Taylor blinked, perfect mask slipping just slightly. “What?”
“Of living in lies. Of twisting everything to suit your narrative.” I stepped closer, watching her composure crack just a fraction. Does it exhaust you, Taylor? Always plotting, always manipulating always trying to destroy anything good in my life?”
“I don’t know what you’re talking about.” But her fingers clutched the chair harder, knuckles whitening beneath perfect polish.
1/2
“Don’t you?” I pressed. “Like you didn’t know what you were doing when you pushed me down those stairs? When you watched me bleed while spinning your lies?”
“That’s enough!” Dad’s voice cracked through the air like a whip. His face flushed dark with fury. “How dare you accuse your
sister-”
“She’s not my sister.” Each word came out razor–sharp, cutting through years of pretense. “She never was. She’s just the girl who helped you destroy my mother’s life. Who’s spent years trying to destroy mine.”
The click of heels on hardwood announced Taylor’s mother’s arrival. She glided in like a cobra, wrapped in expensive silk, perfume overwhelming the air around her. “Still bitter after all these years, Mia?” Her smile was all teeth. “Still can’t accept that your father chose us?”
“Chose you?” I turned to face her, this woman who’d helped tear my family apart. Her perfectly arranged ash–blonde hair, her calculated elegance, everything about her a study in careful manipulation. “Or did you and your precious daughter scheme and manipulate until he had no choice?”
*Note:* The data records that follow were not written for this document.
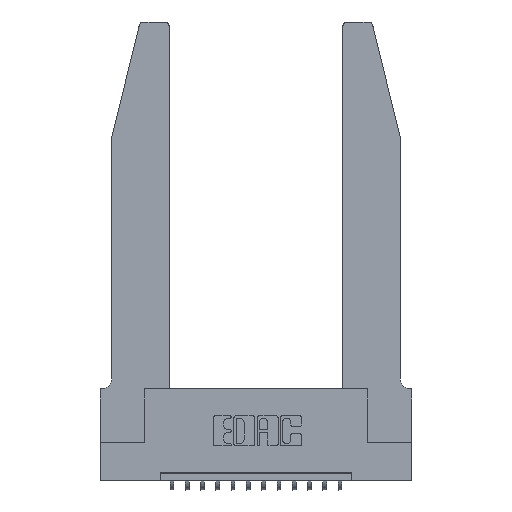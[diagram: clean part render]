
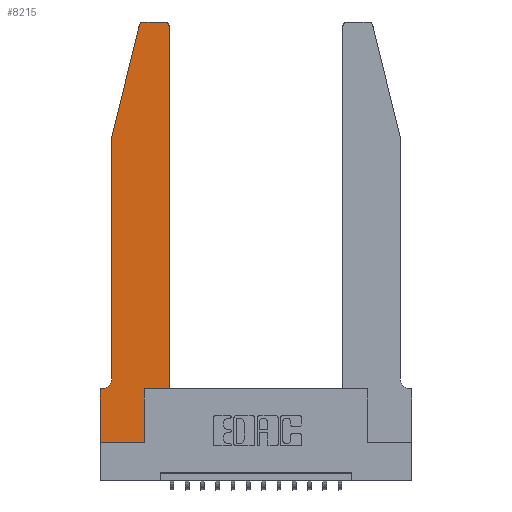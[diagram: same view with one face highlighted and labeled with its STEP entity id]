
A CAD part, top view. The second image highlights one B-rep face of the part: STEP entity #8215.
In plain terms, the highlighted planar face has unit normal (0, 0, 1).
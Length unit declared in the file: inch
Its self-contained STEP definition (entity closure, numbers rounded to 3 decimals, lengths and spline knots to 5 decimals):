
#14 = VERTEX_POINT ( 'NONE', #5899 ) ;
#186 = ORIENTED_EDGE ( 'NONE', *, *, #17065, .T. ) ;
#826 = ORIENTED_EDGE ( 'NONE', *, *, #7847, .T. ) ;
#1065 = CARTESIAN_POINT ( 'NONE',  ( 0.2605, 2.75, 0.37 ) ) ;
#1076 = EDGE_CURVE ( 'NONE', #7995, #10283, #5129, .T. ) ;
#1280 = CIRCLE ( 'NONE', #4419, 0.07 ) ;
#1588 = VERTEX_POINT ( 'NONE', #16901 ) ;
#1635 = EDGE_CURVE ( 'NONE', #1588, #16401, #10755, .T. ) ;
#1659 = VECTOR ( 'NONE', #11710, 39.37008 ) ;
#2126 = CARTESIAN_POINT ( 'NONE',  ( 0., 0., 0.37 ) ) ;
#2230 = CARTESIAN_POINT ( 'NONE',  ( 0.284, 2.72, 0.37 ) ) ;
#2387 = VERTEX_POINT ( 'NONE', #16513 ) ;
#2408 = DIRECTION ( 'NONE',  ( 0., 1., 0. ) ) ;
#2767 = CARTESIAN_POINT ( 'NONE',  ( 0., 0., 0.37 ) ) ;
#3161 = EDGE_CURVE ( 'NONE', #10283, #14, #5533, .T. ) ;
#3262 = VERTEX_POINT ( 'NONE', #2126 ) ;
#3343 = ORIENTED_EDGE ( 'NONE', *, *, #13811, .T. ) ;
#3395 = VECTOR ( 'NONE', #5492, 39.37008 ) ;
#3405 = ORIENTED_EDGE ( 'NONE', *, *, #16926, .T. ) ;
#3450 = ORIENTED_EDGE ( 'NONE', *, *, #16946, .T. ) ;
#3671 = CARTESIAN_POINT ( 'NONE',  ( 0.2865, 0.35, 0.37 ) ) ;
#3999 = AXIS2_PLACEMENT_3D ( 'NONE', #4732, #17258, #11753 ) ;
#4192 = CARTESIAN_POINT ( 'NONE',  ( 0.25487, 2.72718, 0.37 ) ) ;
#4263 = VECTOR ( 'NONE', #7435, 39.37008 ) ;
#4272 = VERTEX_POINT ( 'NONE', #6718 ) ;
#4382 = ORIENTED_EDGE ( 'NONE', *, *, #3161, .T. ) ;
#4390 = DIRECTION ( 'NONE',  ( 0., -1., 0. ) ) ;
#4419 = AXIS2_PLACEMENT_3D ( 'NONE', #12289, #13267, #4938 ) ;
#4446 = CARTESIAN_POINT ( 'NONE',  ( 0., 0., 0.37 ) ) ;
#4488 = FACE_OUTER_BOUND ( 'NONE', #10776, .T. ) ;
#4732 = CARTESIAN_POINT ( 'NONE',  ( 0.4205, 2.72, 0.37 ) ) ;
#4736 = CARTESIAN_POINT ( 'NONE',  ( 0.0755, 2., 0.37 ) ) ;
#4938 = DIRECTION ( 'NONE',  ( -1., 0., 0. ) ) ;
#5013 = AXIS2_PLACEMENT_3D ( 'NONE', #7494, #8884, #10284 ) ;
#5085 = DIRECTION ( 'NONE',  ( 0., 0., 1. ) ) ;
#5129 = LINE ( 'NONE', #14333, #10101 ) ;
#5200 = LINE ( 'NONE', #4446, #15573 ) ;
#5256 = EDGE_CURVE ( 'NONE', #12129, #7332, #7608, .T. ) ;
#5405 = CARTESIAN_POINT ( 'NONE',  ( 0., 0.35, 0.37 ) ) ;
#5492 = DIRECTION ( 'NONE',  ( 1., 0., 0. ) ) ;
#5533 = LINE ( 'NONE', #17791, #8347 ) ;
#5899 = CARTESIAN_POINT ( 'NONE',  ( 0.4505, 2.72, 0.37 ) ) ;
#5978 = LINE ( 'NONE', #1065, #13170 ) ;
#6718 = CARTESIAN_POINT ( 'NONE',  ( 0.2865, 0., 0.37 ) ) ;
#7332 = VERTEX_POINT ( 'NONE', #4736 ) ;
#7435 = DIRECTION ( 'NONE',  ( -1., 0., 0. ) ) ;
#7494 = CARTESIAN_POINT ( 'NONE',  ( 0., 0.35, 0.37 ) ) ;
#7582 = DIRECTION ( 'NONE',  ( 1., 0., 0. ) ) ;
#7608 = LINE ( 'NONE', #14395, #14089 ) ;
#7847 = EDGE_CURVE ( 'NONE', #7332, #11194, #17225, .T. ) ;
#7856 = DIRECTION ( 'NONE',  ( 1., 0., 0. ) ) ;
#7995 = VERTEX_POINT ( 'NONE', #16257 ) ;
#8129 = LINE ( 'NONE', #3671, #8779 ) ;
#8215 = ADVANCED_FACE ( 'NONE', ( #4488 ), #15583, .T. ) ;
#8347 = VECTOR ( 'NONE', #2408, 39.37008 ) ;
#8361 = CIRCLE ( 'NONE', #3999, 0.03 ) ;
#8779 = VECTOR ( 'NONE', #13556, 39.37008 ) ;
#8884 = DIRECTION ( 'NONE',  ( 0., 0., 1. ) ) ;
#8966 = DIRECTION ( 'NONE',  ( -0.239, -0.971, 0. ) ) ;
#9866 = EDGE_CURVE ( 'NONE', #14, #13092, #8361, .T. ) ;
#10101 = VECTOR ( 'NONE', #7582, 39.37008 ) ;
#10283 = VERTEX_POINT ( 'NONE', #16583 ) ;
#10284 = DIRECTION ( 'NONE',  ( 1., 0., 0. ) ) ;
#10676 = EDGE_CURVE ( 'NONE', #4272, #7995, #8129, .T. ) ;
#10755 = LINE ( 'NONE', #11514, #4263 ) ;
#10776 = EDGE_LOOP ( 'NONE', ( #3405, #3450, #16666, #826, #16829, #14975, #3343, #186, #14225, #11814, #4382, #16773 ) ) ;
#11194 = VERTEX_POINT ( 'NONE', #15000 ) ;
#11464 = CARTESIAN_POINT ( 'NONE',  ( 0.0755, 2., 0.37 ) ) ;
#11514 = CARTESIAN_POINT ( 'NONE',  ( 0.0755, 0.35, 0.37 ) ) ;
#11710 = DIRECTION ( 'NONE',  ( 0., -1., 0. ) ) ;
#11753 = DIRECTION ( 'NONE',  ( 1., 0., 0. ) ) ;
#11814 = ORIENTED_EDGE ( 'NONE', *, *, #1076, .T. ) ;
#12076 = CIRCLE ( 'NONE', #13273, 0.03 ) ;
#12129 = VERTEX_POINT ( 'NONE', #4192 ) ;
#12177 = DIRECTION ( 'NONE',  ( -1., 0., 0. ) ) ;
#12289 = CARTESIAN_POINT ( 'NONE',  ( 0.0055, 0.42, 0.37 ) ) ;
#12941 = LINE ( 'NONE', #2767, #3395 ) ;
#13092 = VERTEX_POINT ( 'NONE', #14777 ) ;
#13170 = VECTOR ( 'NONE', #12177, 39.37008 ) ;
#13267 = DIRECTION ( 'NONE',  ( 0., 0., -1. ) ) ;
#13273 = AXIS2_PLACEMENT_3D ( 'NONE', #2230, #5085, #7856 ) ;
#13556 = DIRECTION ( 'NONE',  ( 0., 1., 0. ) ) ;
#13811 = EDGE_CURVE ( 'NONE', #16401, #3262, #5200, .T. ) ;
#14089 = VECTOR ( 'NONE', #8966, 39.37008 ) ;
#14225 = ORIENTED_EDGE ( 'NONE', *, *, #10676, .T. ) ;
#14333 = CARTESIAN_POINT ( 'NONE',  ( 0.4505, 0.35, 0.37 ) ) ;
#14395 = CARTESIAN_POINT ( 'NONE',  ( 0.0755, 2., 0.37 ) ) ;
#14777 = CARTESIAN_POINT ( 'NONE',  ( 0.4205, 2.75, 0.37 ) ) ;
#14975 = ORIENTED_EDGE ( 'NONE', *, *, #1635, .T. ) ;
#15000 = CARTESIAN_POINT ( 'NONE',  ( 0.0755, 0.42, 0.37 ) ) ;
#15573 = VECTOR ( 'NONE', #4390, 39.37008 ) ;
#15583 = PLANE ( 'NONE',  #5013 ) ;
#15698 = EDGE_CURVE ( 'NONE', #11194, #1588, #1280, .T. ) ;
#16257 = CARTESIAN_POINT ( 'NONE',  ( 0.2865, 0.35, 0.37 ) ) ;
#16401 = VERTEX_POINT ( 'NONE', #5405 ) ;
#16513 = CARTESIAN_POINT ( 'NONE',  ( 0.284, 2.75, 0.37 ) ) ;
#16583 = CARTESIAN_POINT ( 'NONE',  ( 0.4505, 0.35, 0.37 ) ) ;
#16666 = ORIENTED_EDGE ( 'NONE', *, *, #5256, .T. ) ;
#16773 = ORIENTED_EDGE ( 'NONE', *, *, #9866, .T. ) ;
#16829 = ORIENTED_EDGE ( 'NONE', *, *, #15698, .T. ) ;
#16901 = CARTESIAN_POINT ( 'NONE',  ( 0.0055, 0.35, 0.37 ) ) ;
#16926 = EDGE_CURVE ( 'NONE', #13092, #2387, #5978, .T. ) ;
#16946 = EDGE_CURVE ( 'NONE', #2387, #12129, #12076, .T. ) ;
#17065 = EDGE_CURVE ( 'NONE', #3262, #4272, #12941, .T. ) ;
#17225 = LINE ( 'NONE', #11464, #1659 ) ;
#17258 = DIRECTION ( 'NONE',  ( 0., 0., 1. ) ) ;
#17791 = CARTESIAN_POINT ( 'NONE',  ( 0.4505, 0.35, 0.37 ) ) ;

She moved closer, her perfume suffocating. “Your mother knew what she was getting into.” Each word precise, chosen to wound. “She tried to hold onto a man who never loved her. And now look at her – lying in that hospital bed, tubes keeping her alive.” A cruel smile curved her painted lips. “Maybe it’s karma. Maybe this is what happens to women who don’t know their place.”
The sound of my palm connecting with her face cracked through the room like a gunshot. The perfect oval of her face snapped sideways, a red mark blooming on her cheek.
“Don’t you dare.” My voice shook with fury, with years of suppressed rage. “Don’t you dare speak about my mother.”
“You little-” Dad’s hand raised, face contorted with a fury I remembered from childhood nightmares.
I braced myself for the blow, for the familiar pain of his disappointment made physical. But it never came.
A different hand caught his wrist. A voice I knew better than my own cut through the tension like a blade of ice. “Touch her,” Kyle said softly, dangerously, “and I will destroy everything you have.”